Election Funny Business

According to a recent national survey by Fabrizio, McLaughlin & Associates, Bush has a slight lead over Kerry in an unweighted poll. But if you weigh the minority vote to the turnout shown in the 2000 exit polls, Kerry has over a 3% lead. This, among other factors, has lead a number of people in the left blogoshere to level charges that the Republicans are engaged in a campaign to suppress minority voting.
“Come on,” you may be thinking. “This is 2004. America abandoned those kind of practices decades ago.”
Have we?

A secret document obtained from inside Bush campaign headquarters in Florida suggests a plan – possibly in violation of US law – to disrupt voting in the state’s African-American voting districts, a BBC Newsnight investigation reveals.
Two e-mails, prepared for the executive director of the Bush campaign in Florida and the campaign’s national research director in Washington DC, contain a 15-page so-called “caging list”.
It lists 1,886 names and addresses of voters in predominantly black and traditionally Democrat areas of Jacksonville, Florida.
An elections supervisor in Tallahassee, when shown the list, told Newsnight: “The only possible reason why they would keep such a thing is to challenge voters on election day.”
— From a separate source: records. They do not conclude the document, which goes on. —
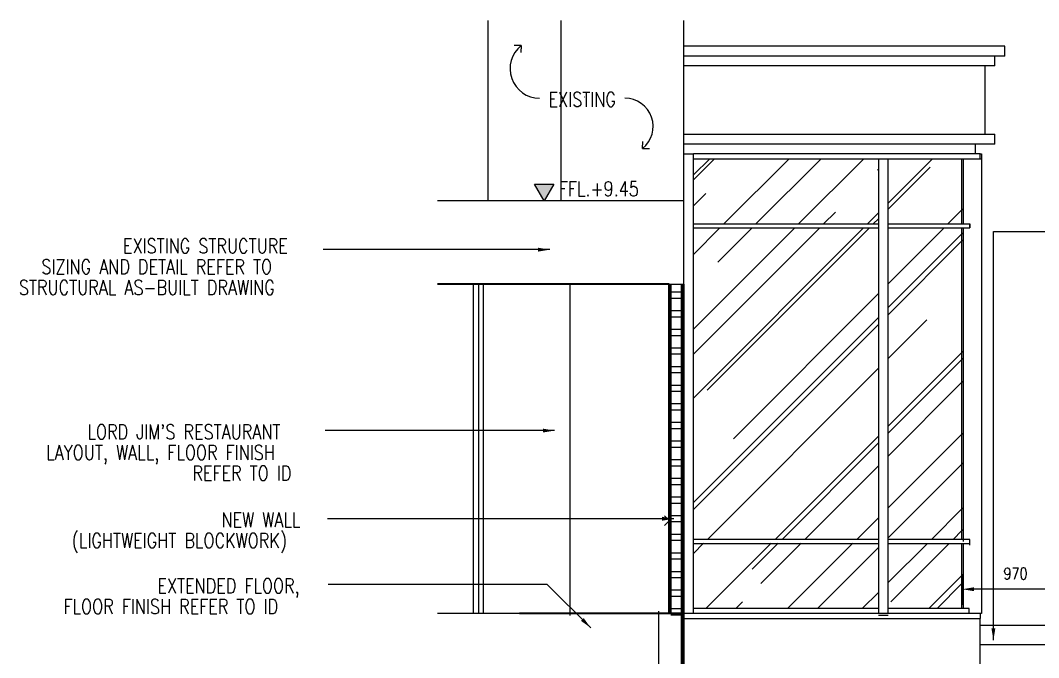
# Model space of a CAD drawing. Header units: millimetres. Extents: x -2196631 to 160, y -11674 to 51770.
# Drawn here: x -1064284 to -1053867, y 38953 to 45468 of the extents above; entities that cross this region are included whole.
import ezdxf
from ezdxf.enums import TextEntityAlignment as Align

# ---------------------------------------------------------------- set-up
doc = ezdxf.new("R2010")
doc.units = ezdxf.units.MM
doc.linetypes.add('_GRIDLINE', pattern=[11.2, 8, -0.6, 2, -0.6])
for name, color, linetype, lineweight in [('28 Xref BA305$0$A-DETL', 90, 'Continuous', 15), ('28 Xref BA305$0$A-GLAZ-CURT', 52, 'Continuous', 18), ('28 Xref BA305$0$A-GLAZ-CWMG', 51, 'Continuous', 25), ('28 Xref BA305$0$A-ROOF', 132, 'Continuous', 18), ('28 Xref BA305$0$A-WALL', 113, 'Continuous', 9), ('28 Xref BA305$0$G-ANNO-TEXT', 231, 'Continuous', 5), ('28 Xref BA305$0$S-COLS', 52, 'Continuous', 9), ('A-GLAZ-CURT', 52, 'Continuous', 18), ('A-GLAZ-CWMG', 51, 'Continuous', 25), ('A-ROOF', 132, 'Continuous', 18), ('A-WALL', 113, 'Continuous', 9), ('G-ANNO-DIMS', 111, 'Continuous', 5), ('G-ANNO-TEXT', 231, 'Continuous', 5), ('S-BEAM', 12, 'Continuous', 18), ('S-COLS', 52, 'Continuous', 9), ('S-GRID', 1, 'Continuous', 5)]:
    doc.layers.add(name, color=color, linetype=linetype, lineweight=lineweight)
for name, color, linetype in [('A WALL_HAT', 253, 'Continuous'), ('Level Spec', 3, 'Continuous'), ('S-Dim', 7, 'Continuous'), ('S-Stru_6', 6, 'Continuous'), ('S-T140', 4, 'Continuous'), ('TEXT 3', 3, 'Continuous'), ('TEXT 4', 4, 'Continuous')]:
    doc.layers.add(name, color=color, linetype=linetype)
doc.styles.add('E100', font='ROMTH.shx', dxfattribs={"width": 0.85})
doc.styles.add('E175', font='ROMTH.shx', dxfattribs={"width": 0.85, "height": 4})
doc.styles.add('Romens', font='romans.shx', dxfattribs={"width": 0.8})
doc.styles.add('Tahoma_1', font='tahoma.ttf', dxfattribs={"height": 150})
doc.dimstyles.new('AA-50 mm', dxfattribs={"dimtxt": 120, "dimasz": 120, "dimexe": 160, "dimexo": 12, "dimgap": 100, "dimtad": 1, "dimdec": 0, "dimzin": 0, "dimdsep": 46, "dimtxsty": 'Romens', "dimcen": 0.3, "dimdle": 2, "dimclrd": 1, "dimclre": 1, "dimclrt": 3, "dimadec": 0, "dimazin": 0, "dimtfac": 1, "dimtdec": 0, "dimtix": 1, "dimtmove": 1, "dimatfit": 3, "dimfxl": 0, "dimtolj": 1, "dimtzin": 0, "dimarcsym": 0})
doc.dimstyles.new('CA-50 mm', dxfattribs={"dimtxt": 120, "dimasz": 120, "dimexe": 160, "dimexo": 12, "dimgap": 100, "dimtad": 1, "dimdec": 0, "dimzin": 0, "dimdsep": 46, "dimtxsty": 'Romens', "dimblk1": 'SMALL', "dimsah": 1, "dimcen": 30, "dimdle": 2, "dimclrd": 1, "dimclre": 1, "dimclrt": 3, "dimadec": 0, "dimazin": 0, "dimtfac": 1, "dimtdec": 0, "dimtix": 1, "dimtmove": 2, "dimatfit": 3, "dimfxl": 0, "dimtolj": 1, "dimtzin": 0, "dimarcsym": 0})
pattern_1 = [(45, (-1088855.8, 2166), (684.296, 1824.79), [12096.75, -1612.9, 4032.25, -806.45]), (45, (-1087783.2, 2569.2), (-1328.674, 188.18), [2419.35, -266.13, 4838.7, -604.84]), (45, (-1088452.6, 2851.5), (2583.215, 3347.346), [6451.6, -1129.03, 3225.8, -806.45])]
pattern_2 = [(45, (-1088855.8, 2166), (684.296, 1824.79), [12096.75, -1612.9, 4032.25, -806.45]), (45, (-1087783.2, 2569.2), (-1328.67, 188.18), [2419.35, -266.13, 4838.7, -604.84]), (45, (-1088452.6, 2851.5), (2583.215, 3347.346), [6451.6, -1129.03, 3225.8, -806.45])]

# ---------------------------------------------------------------- blocks, each defined once
blk = doc.blocks.new('28 Xref BA305$0$Rectangular Mullion - Rectangular Mullion 100x225 mm_Offset 62_5mm-6828029-ZONE A_SECTION H')
at = {"layer": '28 Xref BA305$0$A-GLAZ-CWMG'}
for p, q in [((-1097575, 11232), (-1097562, 11232)), ((-1097562, 11232), (-1097562, 11182))]:
    blk.add_line(p, q, dxfattribs=at)
blk = doc.blocks.new('28 Xref BA305$0$System Panel - Glazed 12mm_-6807865-ZONE A_SECTION H')
at = {"layer": '28 Xref BA305$0$A-GLAZ-CURT', "lineweight": 5}
h = blk.add_hatch(dxfattribs=at)
h.set_pattern_fill('FP_132', color=8, style=0, pattern_type=2)
h.set_pattern_definition(pattern_1)
h.paths.add_polyline_path([(-1100509, 6582), (-1098616, 6582), (-1098616, 7250), (-1100509, 7250), (-1100509, 6911)], flags=0)
blk = doc.blocks.new('28 Xref BA305$0$System Panel - Glazed 12mm_-6807866-ZONE A_SECTION H')
at = {"layer": '28 Xref BA305$0$A-GLAZ-CURT'}
blk.add_line((-1097750, 7249), (-1097750, 6582), dxfattribs=at)
blk = doc.blocks.new('28 Xref BA305$0$System Panel - Glazed 12mm_-6807867-ZONE A_SECTION H')
at = {"layer": '28 Xref BA305$0$A-GLAZ-CURT', "lineweight": 5}
h = blk.add_hatch(dxfattribs=at)
h.set_pattern_fill('FP_132', color=8, style=0, pattern_type=2)
h.set_pattern_definition(pattern_1)
h.paths.add_polyline_path([(-1099561, 7290), (-1098616, 7290), (-1098616, 10475), (-1100509, 10475), (-1100509, 7290), (-1100453, 7290)], flags=0)
blk = doc.blocks.new('28 Xref BA305$0$Rectangular Mullion - Rectangular Mullion 40x105 mm_Offset 27_5mm_-6807868-ZONE A_SECTION H')
at = {"layer": '28 Xref BA305$0$A-GLAZ-CWMG'}
for p, q in [((-1098616, 7289), (-1100509, 7289)), ((-1100509, 7249), (-1098616, 7249))]:
    blk.add_line(p, q, dxfattribs=at)
blk = doc.blocks.new('28 Xref BA305$0$System Panel - Glazed 12mm_-6807869-ZONE A_SECTION H')
at = {"layer": '28 Xref BA305$0$A-GLAZ-CURT', "lineweight": 5}
h = blk.add_hatch(dxfattribs=at)
h.set_pattern_fill('FP_132', color=8, style=0, pattern_type=2)
h.set_pattern_definition(pattern_1)
h.paths.add_polyline_path([(-1097776, 6582), (-1097762, 6582), (-1097762, 7249), (-1098516, 7249), (-1098516, 6582)], flags=0)
at = {"layer": '28 Xref BA305$0$A-GLAZ-CURT', "color": 8}
blk.add_line((-1097762, 6582), (-1097762, 7249), dxfattribs=at)
blk = doc.blocks.new('28 Xref BA305$0$System Panel - Glazed 12mm_-6807870-ZONE A_SECTION H')
at = {"layer": '28 Xref BA305$0$A-GLAZ-CURT', "lineweight": 5}
h = blk.add_hatch(dxfattribs=at)
h.set_pattern_fill('FP_132', color=8, style=0, pattern_type=2)
h.set_pattern_definition(pattern_1)
h.paths.add_polyline_path([(-1097762, 7289), (-1097762, 10475), (-1098516, 10475), (-1098516, 7289), (-1097776, 7289)], flags=0)
at = {"layer": '28 Xref BA305$0$A-GLAZ-CURT', "color": 8}
blk.add_line((-1097762, 7289), (-1097762, 10475), dxfattribs=at)
blk = doc.blocks.new('28 Xref BA305$0$Rectangular Mullion - Rectangular Mullion 40x105 mm_Offset 27_5mm_-6807871-ZONE A_SECTION H')
at = {"layer": '28 Xref BA305$0$A-GLAZ-CWMG'}
for p, q in [((-1097682, 7289), (-1098516, 7289)), ((-1098516, 7249), (-1097682, 7249)), ((-1097682, 7249), (-1097682, 7289))]:
    blk.add_line(p, q, dxfattribs=at)
blk = doc.blocks.new('28 Xref BA305$0$Rectangular Mullion - Rectangular Mullion 100x225 mm_Offset 62_5mm-6828030-ZONE A_SECTION H')
at = {"layer": '28 Xref BA305$0$A-GLAZ-CWMG'}
for p, q in [((-1097562, 7269), (-1097562, 6532)), ((-1097562, 6532), (-1097575, 6532))]:
    blk.add_line(p, q, dxfattribs=at)
blk = doc.blocks.new('28 Xref BA305$0$Rectangular Mullion - Rectangular Mullion 100x225 mm_Offset 62_5mm-6828031-ZONE A_SECTION H')
at = {"layer": '28 Xref BA305$0$A-GLAZ-CWMG'}
for p, q in [((-1098616, 10495), (-1098616, 7269)), ((-1098516, 7269), (-1098516, 10495))]:
    blk.add_line(p, q, dxfattribs=at)
blk = doc.blocks.new('28 Xref BA305$0$Rectangular Mullion - Rectangular Mullion 100x225 mm_Offset 62_5mm-6827842-ZONE A_SECTION H')
at = {"layer": '28 Xref BA305$0$A-GLAZ-CWMG'}
for p, q in [((-1098616, 7269), (-1098616, 6532)), ((-1098516, 6532), (-1098516, 7269)), ((-1098516, 6532), (-1098616, 6532))]:
    blk.add_line(p, q, dxfattribs=at)
blk = doc.blocks.new('28 Xref BA305$0$Rectangular Mullion - Rectangular Mullion 100x225 mm_Offset 62_5mm-6828032-ZONE A_SECTION H')
at = {"layer": '28 Xref BA305$0$A-GLAZ-CWMG'}
for q in [(-1100509, 7269), (-1100609, 6532)]:
    blk.add_line((-1100509, 6532), q, dxfattribs=at)
blk = doc.blocks.new('28 Xref BA305$0$Rectangular Mullion - Rectangular Mullion 100x225 mm_Offset 62_5mm-6828033-ZONE A_SECTION H')
at = {"layer": '28 Xref BA305$0$A-GLAZ-CWMG'}
for p in [(-1100609, 11232), (-1100509, 10495)]:
    blk.add_line(p, (-1100509, 11232), dxfattribs=at)
blk = doc.blocks.new('28 Xref BA305$0$System Panel - Glazed 12mm_-6807873-ZONE A_SECTION H')
at = {"layer": '28 Xref BA305$0$A-GLAZ-CURT', "lineweight": 5}
h = blk.add_hatch(dxfattribs=at)
h.set_pattern_fill('FP_133', color=256, style=0, pattern_type=2)
h.set_pattern_definition(pattern_2)
h.paths.add_polyline_path([(-1097750, 7289), (-1097750, 10475), (-1097762, 10475), (-1097762, 7289)], flags=0)
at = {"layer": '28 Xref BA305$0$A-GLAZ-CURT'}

So what are national Bush/Cheney campaign people doing with Jacksonville voter lists?
The one good thing about this election–in contrast to 2000–is that there’s going to be a boatload of people monitoring the polls during the election, not just after the fact. It’s going to be more difficult for the vote suppressors to get away with doing their dirty work.

The Gap

President Bush offers an interesting criticism of Senator Kerry: Kerry is guilty of promising to spend more than he can pay for:

During this campaign he’s proposed $2.2 trillion of new spending. Now, that is a trillion with a “T.” That’s a lot even for a senator from Massachusetts. (Laughter.)
So they said, how are you going to pay for it? And he said, oh, we’re just going to tax the rich. Now, you’ve heard that before. Be wary when you hear, oh, we’re just going to tax the rich. My opponent has promised $2.2 trillion, but when you run up the top two brackets, you only raise between $600 billion and $800 billion. There is a gap between that which he promised and that which he can deliver. And guess who usually fills that gap.
AUDIENCE: We do!

Honestly, isn’t President Bush the last person who should be calling someone else out on a gap between what they promise and what they can pay for?

Fighting Against The U.S.

Republican House Majority Leader Tom DeLay offered the following:

“LaRouche is a con felon and all I can tell you is that Mr. Morrison has supported and campaigned with LaRouche followers and Mr. Morrison also has taken money and is working with the Daily Kos, which is an organization that raises money for fighters against the U.S. in Iraq,” said DeLay.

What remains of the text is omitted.